PROBLEM STATEMENT →
Which lines of the data below include the string "AlwaysOn"? Return each of them.

Top of RECORDS FOR THIS TASK

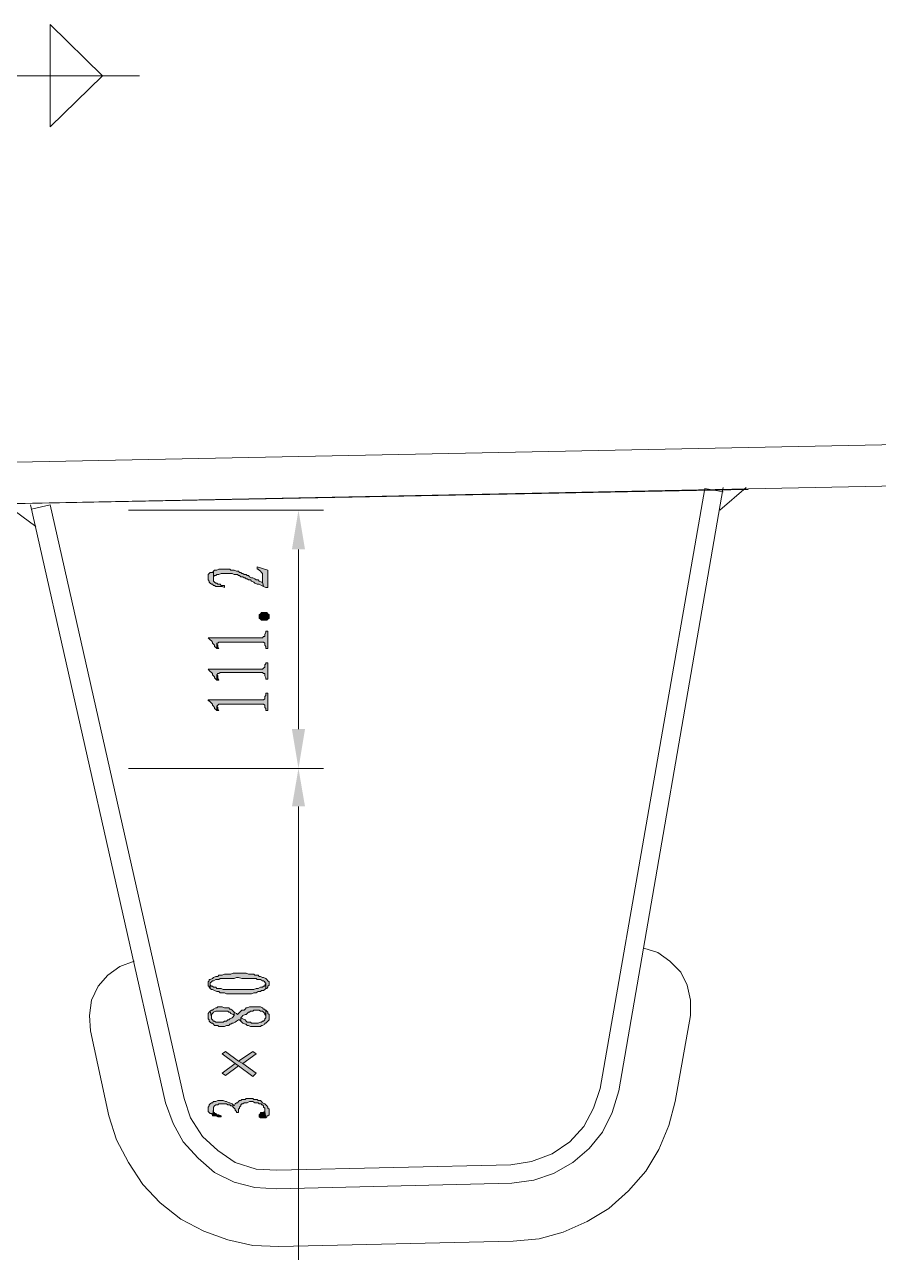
# Model space of a CAD drawing. Header units: millimetres. Extents: x 24 to 410, y 10 to 282.
# Drawn here: x 106.36 to 139.55, y 176.93 to 224.66 of the extents above; entities that cross this region are included whole.
import ezdxf

# ---------------------------------------------------------------- set-up
doc = ezdxf.new("R2010")
doc.units = ezdxf.units.MM

msp = doc.modelspace()

# ---------------------------------------------------------------- hatches: boundary and pattern name
h = msp.add_hatch(color=7)
h.dxf.hatch_style = 2
h.paths.add_polyline_path([(116.755333, 204.258333), (117.263333, 204.258333), (117.009333, 205.782333)])
h = msp.add_hatch(color=7)
h.dxf.hatch_style = 2
h.paths.add_polyline_path([(113.495667, 203.157667), (113.495667, 203.073), (113.538, 203.030667), (113.538, 202.988333), (113.580333, 202.946), (113.622667, 202.903667), (113.665, 202.903667), (113.707333, 202.861333), (113.749667, 202.861333), (113.792, 202.819), (114.046, 202.819), (114.130667, 202.776667), (114.130667, 202.861333), (114.088333, 202.861333), (114.003667, 202.861333), (113.961333, 202.903667), (113.876667, 202.903667), (113.834333, 202.946), (113.792, 202.946), (113.749667, 202.988333), (113.707333, 203.030667), (113.707333, 203.073), (113.707333, 203.115333), (113.707333, 203.411667), (113.665, 203.369333), (113.580333, 203.369333), (113.538, 203.327), (113.495667, 203.284667)])
h = msp.add_hatch(color=7)
h.dxf.hatch_style = 2
h.paths.add_polyline_path([(113.707333, 203.411667), (113.707333, 203.115333), (113.707333, 203.157667), (113.707333, 203.2), (113.749667, 203.242333), (113.792, 203.242333), (113.834333, 203.284667), (113.919, 203.284667), (114.003667, 203.327), (114.427, 203.327), (114.511667, 203.284667), (114.638667, 203.284667), (114.681, 203.242333), (114.723333, 203.242333), (114.765667, 203.2), (114.850333, 203.2), (114.892667, 203.157667), (114.935, 203.157667), (114.977333, 203.115333), (115.019667, 203.115333), (115.062, 203.073), (115.146667, 203.073), (115.189, 203.030667), (115.273667, 202.988333), (115.316, 202.946), (115.400667, 202.903667), (115.485333, 202.903667), (115.57, 202.861333), (115.654667, 202.819), (115.612333, 202.988333), (115.57, 202.988333), (115.485333, 203.030667), (115.443, 203.073), (115.358333, 203.073), (115.316, 203.115333), (115.231333, 203.157667), (115.189, 203.157667), (115.104333, 203.2), (115.062, 203.242333), (115.019667, 203.242333), (114.977333, 203.284667), (114.892667, 203.284667), (114.850333, 203.327), (114.808, 203.327), (114.765667, 203.369333), (114.723333, 203.369333), (114.681, 203.411667), (114.596333, 203.411667), (114.511667, 203.454), (114.384667, 203.454), (114.342333, 203.496333), (113.919, 203.496333), (113.834333, 203.454), (113.749667, 203.454)])
h = msp.add_hatch(color=7)
h.dxf.hatch_style = 2
h.paths.add_polyline_path([(115.400667, 203.581), (115.400667, 203.496333), (115.443, 203.496333), (115.485333, 203.454), (115.527667, 203.411667), (115.57, 203.369333), (115.612333, 203.327), (115.612333, 202.988333), (115.654667, 202.819), (115.739333, 202.776667), (115.824, 202.776667), (115.824, 203.454)])
h = msp.add_hatch(color=7)
h.dxf.hatch_style = 2
h.paths.add_polyline_path([(115.866333, 201.718333), (115.866333, 201.591333), (115.824, 201.549), (115.781667, 201.506667), (115.57, 201.506667), (115.527667, 201.549), (115.485333, 201.591333), (115.485333, 201.718333), (115.527667, 201.760667), (115.57, 201.803), (115.781667, 201.803), (115.824, 201.760667)])
h = msp.add_hatch(color=7)
h.dxf.hatch_style = 2
h.paths.add_polyline_path([(113.495667, 200.829333), (113.538, 200.787), (113.580333, 200.744667), (113.622667, 200.702333), (113.665, 200.66), (113.665, 200.617667), (113.707333, 200.575333), (113.749667, 200.533), (113.749667, 200.490667), (113.792, 200.448333), (113.834333, 200.406), (113.834333, 200.617667), (113.876667, 200.617667), (113.919, 200.66), (115.654667, 200.66), (115.697, 200.617667), (115.697, 200.533), (115.739333, 200.490667), (115.739333, 200.406), (115.824, 200.406), (115.824, 201.083333), (115.739333, 201.083333), (115.739333, 201.041), (115.697, 200.956333), (115.697, 200.871667), (115.654667, 200.871667), (115.612333, 200.829333)])
h = msp.add_hatch(color=7)
h.dxf.hatch_style = 2
h.paths.add_polyline_path([(113.834333, 200.406), (113.919, 200.406), (113.876667, 200.448333), (113.876667, 200.533), (113.834333, 200.575333)])
h = msp.add_hatch(color=7)
h.dxf.hatch_style = 2
h.paths.add_polyline_path([(113.495667, 199.601667), (113.538, 199.559333), (113.580333, 199.517), (113.622667, 199.474667), (113.665, 199.432333), (113.665, 199.39), (113.707333, 199.347667), (113.749667, 199.305333), (113.749667, 199.263), (113.792, 199.220667), (113.834333, 199.178333), (113.834333, 199.39), (113.876667, 199.432333), (113.919, 199.432333), (113.961333, 199.474667), (115.612333, 199.474667), (115.654667, 199.432333), (115.697, 199.432333), (115.697, 199.39), (115.697, 199.347667), (115.739333, 199.263), (115.739333, 199.220667), (115.824, 199.220667), (115.824, 199.855667), (115.739333, 199.855667), (115.739333, 199.813333), (115.697, 199.771), (115.697, 199.686333), (115.654667, 199.644), (115.612333, 199.601667)])
h = msp.add_hatch(color=7)
h.dxf.hatch_style = 2
h.paths.add_polyline_path([(113.834333, 199.178333), (113.919, 199.178333), (113.876667, 199.263), (113.876667, 199.347667), (113.834333, 199.39)])
h = msp.add_hatch(color=7)
h.dxf.hatch_style = 2
h.paths.add_polyline_path([(113.495667, 198.416333), (113.495667, 198.374), (113.538, 198.374), (113.580333, 198.331667), (113.622667, 198.289333), (113.665, 198.247), (113.665, 198.204667), (113.707333, 198.162333), (113.749667, 198.12), (113.749667, 198.077667), (113.792, 198.035333), (113.834333, 197.993), (113.834333, 198.162333), (113.876667, 198.204667), (113.919, 198.247), (115.654667, 198.247), (115.697, 198.204667), (115.697, 198.12), (115.739333, 198.077667), (115.739333, 197.993), (115.824, 197.993), (115.824, 198.670333), (115.739333, 198.670333), (115.739333, 198.585667), (115.697, 198.543333), (115.697, 198.458667), (115.654667, 198.416333)])
h = msp.add_hatch(color=7)
h.dxf.hatch_style = 2
h.paths.add_polyline_path([(113.834333, 197.993), (113.919, 197.993), (113.876667, 198.035333), (113.876667, 198.12), (113.834333, 198.162333)])
h = msp.add_hatch(color=7)
h.dxf.hatch_style = 2
h.paths.add_polyline_path([(116.755333, 197.273333), (117.263333, 197.273333), (117.009333, 195.749333)])
h = msp.add_hatch(color=7)
h.dxf.hatch_style = 2
h.paths.add_polyline_path([(116.755333, 194.267667), (117.263333, 194.267667), (117.009333, 195.749333)])
h = msp.add_hatch(color=7)
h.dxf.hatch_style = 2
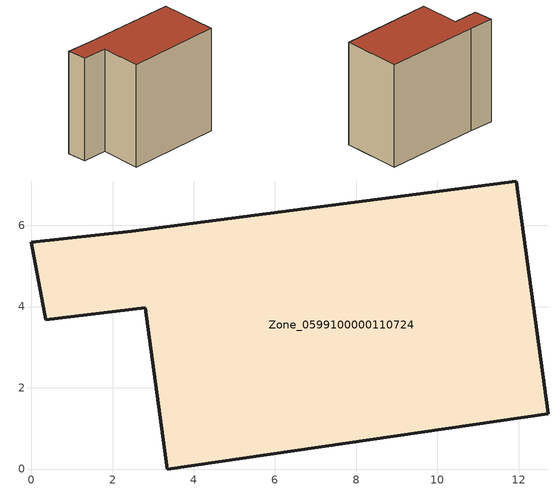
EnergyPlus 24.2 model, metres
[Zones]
Zone_0599100000110724
 floor ground (C_G): 11.94,7.09 12.73,1.37 3.35,0 2.8,3.97 0.35,3.67 0,5.58 2.47,5.85 z0
 wall outside (C_F): 0.35,3.67 2.8,3.97 3.35,0 12.73,1.37 11.94,7.09 2.47,5.85 0,5.58 0.35,3.67 z0:10.48
 roof outside (C_R): 3.35,0 12.73,1.37 11.94,7.09 2.47,5.85 0,5.58 0.35,3.67 2.8,3.97 z10.48
[BUILDING]
Pand.0599100000110724: North Axis=0; Terrain=City; Loads Convergence Tolerance Value=0.04; Temperature Convergence Tolerance Value=0.4; Solar Distribution=FullExterior; Maximum Number of Warmup Days=25; Minimum Number of Warmup Days=1
[Site:Location]
Rotterdam.The.Hague.AP_ZH_NLD Design_Conditions: Latitude=51.96; Longitude=4.45; Time Zone=1; Elevation=-4.5
[SITE:GROUNDTEMPERATURE:BUILDINGSURFACE]
18, 18, 18, 18, 18, 18, 18, 18, 18, 18, 18, 18
[MATERIAL] Thermal Absorptance=0.9; Solar Absorptance=0.7; Visible Absorptance=0.7
Name | Roughness | Thickness | Conductivity | Density | Specific Heat
G.TI.1946 | MediumSmooth | 0.15 | 1 | 540 | 1210
F.TI.1946 | Rough | 0.3 | 0.857143 | 1920 | 840
R.TI.1946 | MediumRough | 0.2 | 0.1 | 1500 | 1000
[CONSTRUCTION]
C_G: G.TI.1946
C_F: F.TI.1946
C_R: R.TI.1946
[ZONE]
Zone_0599100000110724: Type=1; Multiplier=1; Ceiling Height=Autocalculate; Volume=Autocalculate; Floor Area=autocalculate; Part of Total Floor Area=Yes
[ZONEINFILTRATION:DESIGNFLOWRATE]
Infil_Zone_0599100000110724: Zone or ZoneList or Space or SpaceList=Zone_0599100000110724; Schedule=AlwaysOn; Design Flow Rate Calculation Method=Flow/Area; Flow Rate per Floor Area=0.003; Constant Term Coefficient=1; Temperature Term Coefficient=0; Velocity Term Coefficient=0; Velocity Squared Term Coefficient=0
[HVACTEMPLATE:ZONE:IDEALLOADSAIRSYSTEM]
Zone_0599100000110724: Maximum Heating Supply Air Temperature=50; Minimum Cooling Supply Air Temperature=13; Maximum Heating Supply Air Humidity Ratio=0.0156; Minimum Cooling Supply Air Humidity Ratio=0.0077; Heating Limit=NoLimit; Cooling Limit=NoLimit; Dehumidification Control Type=ConstantSensibleHeatRatio; Cooling Sensible Heat Ratio=0.7; Dehumidification Setpoint=60; Humidification Control Type=None; Humidification Setpoint=30; Outdoor Air Method=None; Outdoor Air Flow Rate per Person=0.00944; Outdoor Air Flow Rate per Zone Floor Area=0; Outdoor Air Flow Rate per Zone=0; Demand Controlled Ventilation Type=None; Outdoor Air Economizer Type=NoEconomizer; Heat Recovery Type=None; Sensible Heat Recovery Effectiveness=0.7; Latent Heat Recovery Effectiveness=0.65
[ZONECONTROL:THERMOSTAT]
ThermostatControl_Zone_0599100000110724: Zone or ZoneList=Zone_0599100000110724; Control Type Schedule=DualSetpointControlType; Control 1=Thermostat_Zone_0599100000110724; Temperature Difference Between Cutout And Setpoint=0
[THERMOSTATSETPOINT:DUALSETPOINT]
Thermostat_Zone_0599100000110724: Heating Setpoint Temperature Schedule=HeatingSetpoint_Zone_0599100000110724; Cooling Setpoint Temperature Schedule=CoolingSetpoint_Zone_0599100000110724
[SCHEDULE:COMPACT]
HeatingSetpoint_Zone_0599100000110724: Through: 12/31, For: AllDays, Until: 24:00, 21
CoolingSetpoint_Zone_0599100000110724: Through: 12/31, For: AllDays, Until: 24:00, 24
DualSetpointControlType: Through: 12/31, For: AllDays, Until: 24:00, 4
AlwaysOn: Through: 12/31, For: AllDays, Until: 24:00, 1
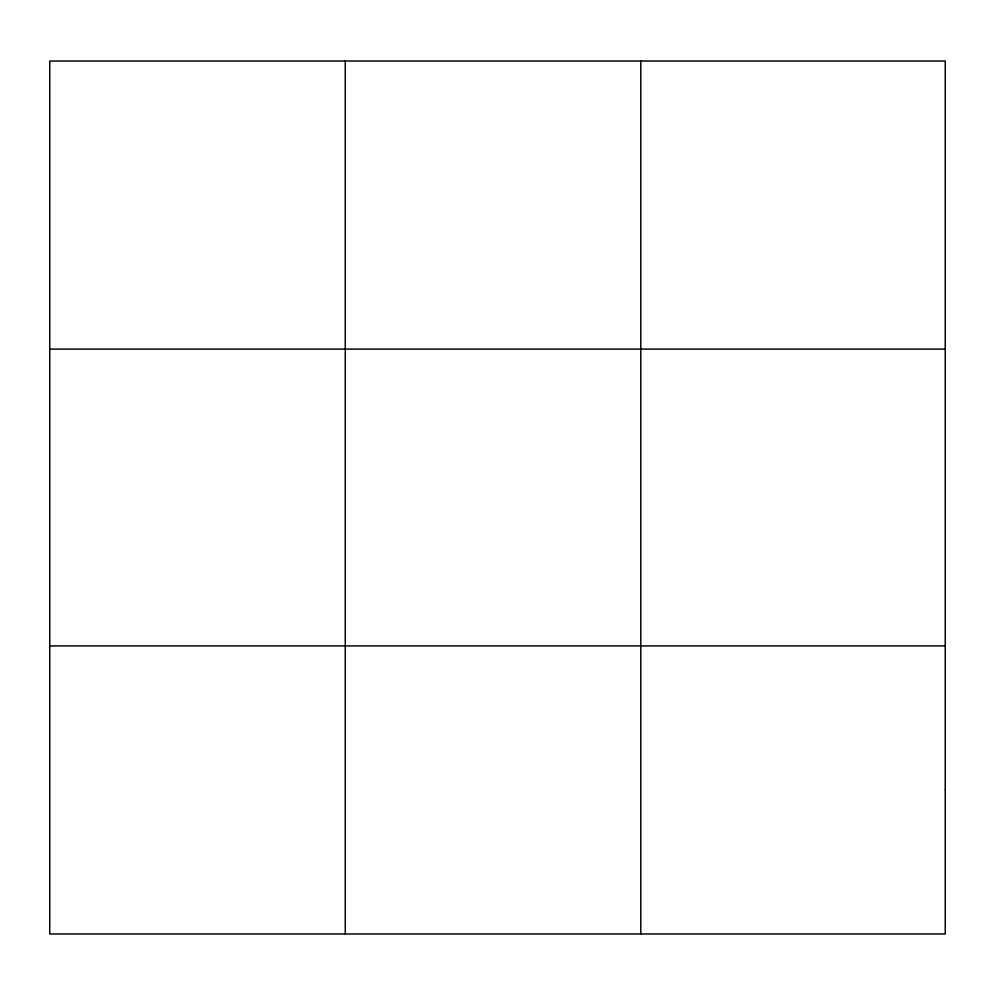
<?xml version="1.0" encoding="UTF-8"?>
<svg xmlns="http://www.w3.org/2000/svg" width="995" height="995" viewBox="0 0 995 995"><rect width="100%" height="100%" fill="white"/><g stroke="black" fill="none" stroke-linecap="round" stroke-linejoin="round"><path stroke-width="1.49" d="M345.265 933.969L345.265 61.031M640.78 933.969L640.78 61.031M49.75 349.096L945.25 349.096M49.75 645.904L945.25 645.904M945.25 789.93L945.25 933.969L49.75 933.969L49.75 61.031L945.25 61.031L945.25 789.93"/></g></svg>

Bottom of RECORDS FOR THIS TASK

REPLY TO THE EXERCISE →
Infil_Zone_0599100000110724: Zone or ZoneList or Space or SpaceList=Zone_0599100000110724; Schedule=AlwaysOn; Design Flow Rate Calculation Method=Flow/Area; Flow Rate per Floor Area=0.003; Constant Term Coefficient=1; Temperature Term Coefficient=0; Velocity Term Coefficient=0; Velocity Squared Term Coefficient=0
AlwaysOn: Through: 12/31, For: AllDays, Until: 24:00, 1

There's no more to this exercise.